=== Work instructions ===
Take the data below and copy exactly the lines starting at the one with "#168=CARTESIAN_POINT('',(7.,4.,-7.));" and finishing at the one with "#191=DIRECTION('',(0.,0.,-1.));", both included.

=== Source material ===
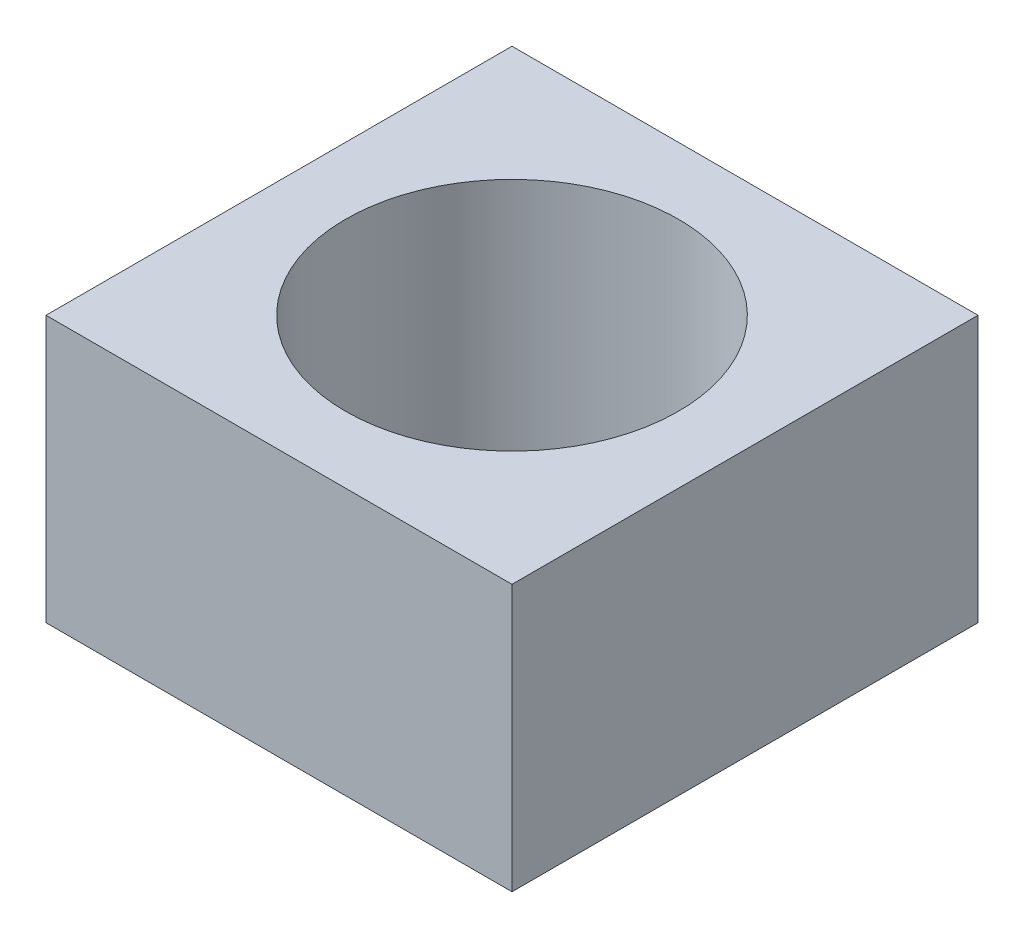
ISO-10303-21;
HEADER;
FILE_DESCRIPTION(('STEP AP214'),'2;1');
FILE_NAME('part.step','',(''),(''),'','','');
FILE_SCHEMA(('AUTOMOTIVE_DESIGN { 1 0 10303 214 1 1 1 1 }'));
ENDSEC;
DATA;
#1=APPLICATION_CONTEXT('core data for automotive mechanical design processes');
#2=APPLICATION_PROTOCOL_DEFINITION('international standard','automotive_design',2000,#1);
#3=PRODUCT_CONTEXT('',#1,'mechanical');
#4=PRODUCT('Part','Part','',(#3));
#5=PRODUCT_RELATED_PRODUCT_CATEGORY('part','',(#4));
#6=PRODUCT_DEFINITION_FORMATION('','',#4);
#7=PRODUCT_DEFINITION_CONTEXT('part definition',#1,'design');
#8=PRODUCT_DEFINITION('design','',#6,#7);
#9=PRODUCT_DEFINITION_SHAPE('','',#8);
#10=(LENGTH_UNIT() NAMED_UNIT(*) SI_UNIT(.MILLI.,.METRE.));
#11=(NAMED_UNIT(*) PLANE_ANGLE_UNIT() SI_UNIT($,.RADIAN.));
#12=(NAMED_UNIT(*) SI_UNIT($,.STERADIAN.) SOLID_ANGLE_UNIT());
#13=UNCERTAINTY_MEASURE_WITH_UNIT(LENGTH_MEASURE(1.E-05),#10,'distance_accuracy_value','');
#14=(GEOMETRIC_REPRESENTATION_CONTEXT(3) GLOBAL_UNCERTAINTY_ASSIGNED_CONTEXT((#13)) GLOBAL_UNIT_ASSIGNED_CONTEXT((#10,
#11,#12)) REPRESENTATION_CONTEXT('',''));
#15=CARTESIAN_POINT('',(0.,0.,0.));
#16=DIRECTION('',(0.,0.,1.));
#17=DIRECTION('',(1.,0.,0.));
#18=AXIS2_PLACEMENT_3D('',#15,#16,#17);
#19=CARTESIAN_POINT('',(0.,4.,0.));
#20=DIRECTION('',(0.,-1.,0.));
#21=DIRECTION('',(0.,0.,-1.));
#22=AXIS2_PLACEMENT_3D('',#19,#20,#21);
#23=PLANE('',#22);
#24=DIRECTION('',(0.,0.,1.));
#25=VECTOR('',#24,1.);
#26=CARTESIAN_POINT('',(0.,4.,0.));
#27=LINE('',#26,#25);
#28=CARTESIAN_POINT('',(0.,4.,-7.));
#29=VERTEX_POINT('',#28);
#30=CARTESIAN_POINT('',(0.,4.,0.));
#31=VERTEX_POINT('',#30);
#32=EDGE_CURVE('E93',#29,#31,#27,.T.);
#33=ORIENTED_EDGE('',*,*,#32,.T.);
#34=DIRECTION('',(1.,0.,0.));
#35=VECTOR('',#34,1.);
#36=CARTESIAN_POINT('',(0.,4.,0.));
#37=LINE('',#36,#35);
#38=CARTESIAN_POINT('',(7.,4.,0.));
#39=VERTEX_POINT('',#38);
#40=EDGE_CURVE('E88',#31,#39,#37,.T.);
#41=ORIENTED_EDGE('',*,*,#40,.T.);
#42=DIRECTION('',(0.,0.,-1.));
#43=VECTOR('',#42,1.);
#44=CARTESIAN_POINT('',(7.,4.,0.));
#45=LINE('',#44,#43);
#46=CARTESIAN_POINT('',(7.,4.,-7.));
#47=VERTEX_POINT('',#46);
#48=EDGE_CURVE('E91',#39,#47,#45,.T.);
#49=ORIENTED_EDGE('',*,*,#48,.T.);
#50=DIRECTION('',(-1.,0.,0.));
#51=VECTOR('',#50,1.);
#52=CARTESIAN_POINT('',(0.,4.,-7.));
#53=LINE('',#52,#51);
#54=EDGE_CURVE('E58',#47,#29,#53,.T.);
#55=ORIENTED_EDGE('',*,*,#54,.T.);
#56=EDGE_LOOP('',(#33,#41,#49,#55));
#57=FACE_BOUND('',#56,.T.);
#58=CARTESIAN_POINT('',(3.5,4.,-3.5));
#59=DIRECTION('',(0.,1.,0.));
#60=DIRECTION('',(0.,0.,1.));
#61=AXIS2_PLACEMENT_3D('',#58,#59,#60);
#62=CIRCLE('',#61,2.5);
#63=CARTESIAN_POINT('',(3.5,4.,-1.));
#64=VERTEX_POINT('',#63);
#65=EDGE_CURVE('E108',#64,#64,#62,.T.);
#66=ORIENTED_EDGE('',*,*,#65,.F.);
#67=EDGE_LOOP('',(#66));
#68=FACE_BOUND('',#67,.T.);
#69=ADVANCED_FACE('F41',(#57,#68),#23,.F.);
#70=CARTESIAN_POINT('',(0.,0.,0.));
#71=DIRECTION('',(0.,-1.,0.));
#72=DIRECTION('',(0.,0.,-1.));
#73=AXIS2_PLACEMENT_3D('',#70,#71,#72);
#74=PLANE('',#73);
#75=DIRECTION('',(0.,0.,1.));
#76=VECTOR('',#75,1.);
#77=CARTESIAN_POINT('',(0.,0.,0.));
#78=LINE('',#77,#76);
#79=CARTESIAN_POINT('',(0.,0.,-7.));
#80=VERTEX_POINT('',#79);
#81=CARTESIAN_POINT('',(0.,0.,0.));
#82=VERTEX_POINT('',#81);
#83=EDGE_CURVE('E105',#80,#82,#78,.T.);
#84=ORIENTED_EDGE('',*,*,#83,.F.);
#85=DIRECTION('',(-1.,0.,0.));
#86=VECTOR('',#85,1.);
#87=CARTESIAN_POINT('',(0.,0.,-7.));
#88=LINE('',#87,#86);
#89=CARTESIAN_POINT('',(7.,0.,-7.));
#90=VERTEX_POINT('',#89);
#91=EDGE_CURVE('E81',#90,#80,#88,.T.);
#92=ORIENTED_EDGE('',*,*,#91,.F.);
#93=DIRECTION('',(0.,0.,-1.));
#94=VECTOR('',#93,1.);
#95=CARTESIAN_POINT('',(7.,0.,0.));
#96=LINE('',#95,#94);
#97=CARTESIAN_POINT('',(7.,0.,0.));
#98=VERTEX_POINT('',#97);
#99=EDGE_CURVE('E75',#98,#90,#96,.T.);
#100=ORIENTED_EDGE('',*,*,#99,.F.);
#101=DIRECTION('',(1.,0.,0.));
#102=VECTOR('',#101,1.);
#103=CARTESIAN_POINT('',(0.,0.,0.));
#104=LINE('',#103,#102);
#105=EDGE_CURVE('E97',#82,#98,#104,.T.);
#106=ORIENTED_EDGE('',*,*,#105,.F.);
#107=EDGE_LOOP('',(#84,#92,#100,#106));
#108=FACE_BOUND('',#107,.T.);
#109=CARTESIAN_POINT('',(3.5,0.,-3.5));
#110=DIRECTION('',(0.,1.,0.));
#111=DIRECTION('',(0.,0.,1.));
#112=AXIS2_PLACEMENT_3D('',#109,#110,#111);
#113=CIRCLE('',#112,2.5);
#114=CARTESIAN_POINT('',(3.5,0.,-1.));
#115=VERTEX_POINT('',#114);
#116=EDGE_CURVE('E120',#115,#115,#113,.T.);
#117=ORIENTED_EDGE('',*,*,#116,.T.);
#118=EDGE_LOOP('',(#117));
#119=FACE_BOUND('',#118,.T.);
#120=ADVANCED_FACE('F116',(#108,#119),#74,.T.);
#121=CARTESIAN_POINT('',(0.,4.,0.));
#122=DIRECTION('',(1.,0.,0.));
#123=DIRECTION('',(0.,0.,-1.));
#124=AXIS2_PLACEMENT_3D('',#121,#122,#123);
#125=PLANE('',#124);
#126=ORIENTED_EDGE('',*,*,#83,.T.);
#127=DIRECTION('',(0.,-1.,0.));
#128=VECTOR('',#127,1.);
#129=CARTESIAN_POINT('',(0.,4.,0.));
#130=LINE('',#129,#128);
#131=EDGE_CURVE('E11',#31,#82,#130,.T.);
#132=ORIENTED_EDGE('',*,*,#131,.F.);
#133=ORIENTED_EDGE('',*,*,#32,.F.);
#134=DIRECTION('',(0.,-1.,0.));
#135=VECTOR('',#134,1.);
#136=CARTESIAN_POINT('',(0.,4.,-7.));
#137=LINE('',#136,#135);
#138=EDGE_CURVE('E101',#29,#80,#137,.T.);
#139=ORIENTED_EDGE('',*,*,#138,.T.);
#140=EDGE_LOOP('',(#126,#132,#133,#139));
#141=FACE_BOUND('',#140,.T.);
#142=ADVANCED_FACE('F43',(#141),#125,.F.);
#143=CARTESIAN_POINT('',(0.,4.,0.));
#144=DIRECTION('',(0.,0.,-1.));
#145=DIRECTION('',(-1.,0.,0.));
#146=AXIS2_PLACEMENT_3D('',#143,#144,#145);
#147=PLANE('',#146);
#148=ORIENTED_EDGE('',*,*,#105,.T.);
#149=DIRECTION('',(0.,-1.,0.));
#150=VECTOR('',#149,1.);
#151=CARTESIAN_POINT('',(7.,4.,0.));
#152=LINE('',#151,#150);
#153=EDGE_CURVE('E50',#39,#98,#152,.T.);
#154=ORIENTED_EDGE('',*,*,#153,.F.);
#155=ORIENTED_EDGE('',*,*,#40,.F.);
#156=ORIENTED_EDGE('',*,*,#131,.T.);
#157=EDGE_LOOP('',(#148,#154,#155,#156));
#158=FACE_BOUND('',#157,.T.);
#159=ADVANCED_FACE('F96',(#158),#147,.F.);
#160=CARTESIAN_POINT('',(7.,4.,0.));
#161=DIRECTION('',(-1.,0.,0.));
#162=DIRECTION('',(0.,0.,1.));
#163=AXIS2_PLACEMENT_3D('',#160,#161,#162);
#164=PLANE('',#163);
#165=ORIENTED_EDGE('',*,*,#99,.T.);
#166=DIRECTION('',(0.,-1.,0.));
#167=VECTOR('',#166,1.);
#168=CARTESIAN_POINT('',(7.,4.,-7.));
#169=LINE('',#168,#167);
#170=EDGE_CURVE('E98',#47,#90,#169,.T.);
#171=ORIENTED_EDGE('',*,*,#170,.F.);
#172=ORIENTED_EDGE('',*,*,#48,.F.);
#173=ORIENTED_EDGE('',*,*,#153,.T.);
#174=EDGE_LOOP('',(#165,#171,#172,#173));
#175=FACE_BOUND('',#174,.T.);
#176=ADVANCED_FACE('F99',(#175),#164,.F.);
#177=CARTESIAN_POINT('',(0.,4.,-7.));
#178=DIRECTION('',(0.,0.,1.));
#179=DIRECTION('',(1.,0.,0.));
#180=AXIS2_PLACEMENT_3D('',#177,#178,#179);
#181=PLANE('',#180);
#182=ORIENTED_EDGE('',*,*,#91,.T.);
#183=ORIENTED_EDGE('',*,*,#138,.F.);
#184=ORIENTED_EDGE('',*,*,#54,.F.);
#185=ORIENTED_EDGE('',*,*,#170,.T.);
#186=EDGE_LOOP('',(#182,#183,#184,#185));
#187=FACE_BOUND('',#186,.T.);
#188=ADVANCED_FACE('F113',(#187),#181,.F.);
#189=CARTESIAN_POINT('',(3.5,4.,-3.5));
#190=DIRECTION('',(0.,-1.,0.));
#191=DIRECTION('',(0.,0.,-1.));
#192=AXIS2_PLACEMENT_3D('',#189,#190,#191);
#193=CYLINDRICAL_SURFACE('',#192,2.5);
#194=ORIENTED_EDGE('',*,*,#65,.T.);
#195=EDGE_LOOP('',(#194));
#196=FACE_BOUND('',#195,.T.);
#197=ORIENTED_EDGE('',*,*,#116,.F.);
#198=EDGE_LOOP('',(#197));
#199=FACE_BOUND('',#198,.T.);
#200=ADVANCED_FACE('F126',(#196,#199),#193,.F.);
#201=CLOSED_SHELL('',(#69,#120,#142,#159,#176,#188,#200));
#202=MANIFOLD_SOLID_BREP('B2',#201);
#203=ADVANCED_BREP_SHAPE_REPRESENTATION('',(#18,#202),#14);
#204=SHAPE_DEFINITION_REPRESENTATION(#9,#203);
ENDSEC;
END-ISO-10303-21;

=== Output for this exercise ===
#168=CARTESIAN_POINT('',(7.,4.,-7.));
#169=LINE('',#168,#167);
#170=EDGE_CURVE('E98',#47,#90,#169,.T.);
#171=ORIENTED_EDGE('',*,*,#170,.F.);
#172=ORIENTED_EDGE('',*,*,#48,.F.);
#173=ORIENTED_EDGE('',*,*,#153,.T.);
#174=EDGE_LOOP('',(#165,#171,#172,#173));
#175=FACE_BOUND('',#174,.T.);
#176=ADVANCED_FACE('F99',(#175),#164,.F.);
#177=CARTESIAN_POINT('',(0.,4.,-7.));
#178=DIRECTION('',(0.,0.,1.));
#179=DIRECTION('',(1.,0.,0.));
#180=AXIS2_PLACEMENT_3D('',#177,#178,#179);
#181=PLANE('',#180);
#182=ORIENTED_EDGE('',*,*,#91,.T.);
#183=ORIENTED_EDGE('',*,*,#138,.F.);
#184=ORIENTED_EDGE('',*,*,#54,.F.);
#185=ORIENTED_EDGE('',*,*,#170,.T.);
#186=EDGE_LOOP('',(#182,#183,#184,#185));
#187=FACE_BOUND('',#186,.T.);
#188=ADVANCED_FACE('F113',(#187),#181,.F.);
#189=CARTESIAN_POINT('',(3.5,4.,-3.5));
#190=DIRECTION('',(0.,-1.,0.));
#191=DIRECTION('',(0.,0.,-1.));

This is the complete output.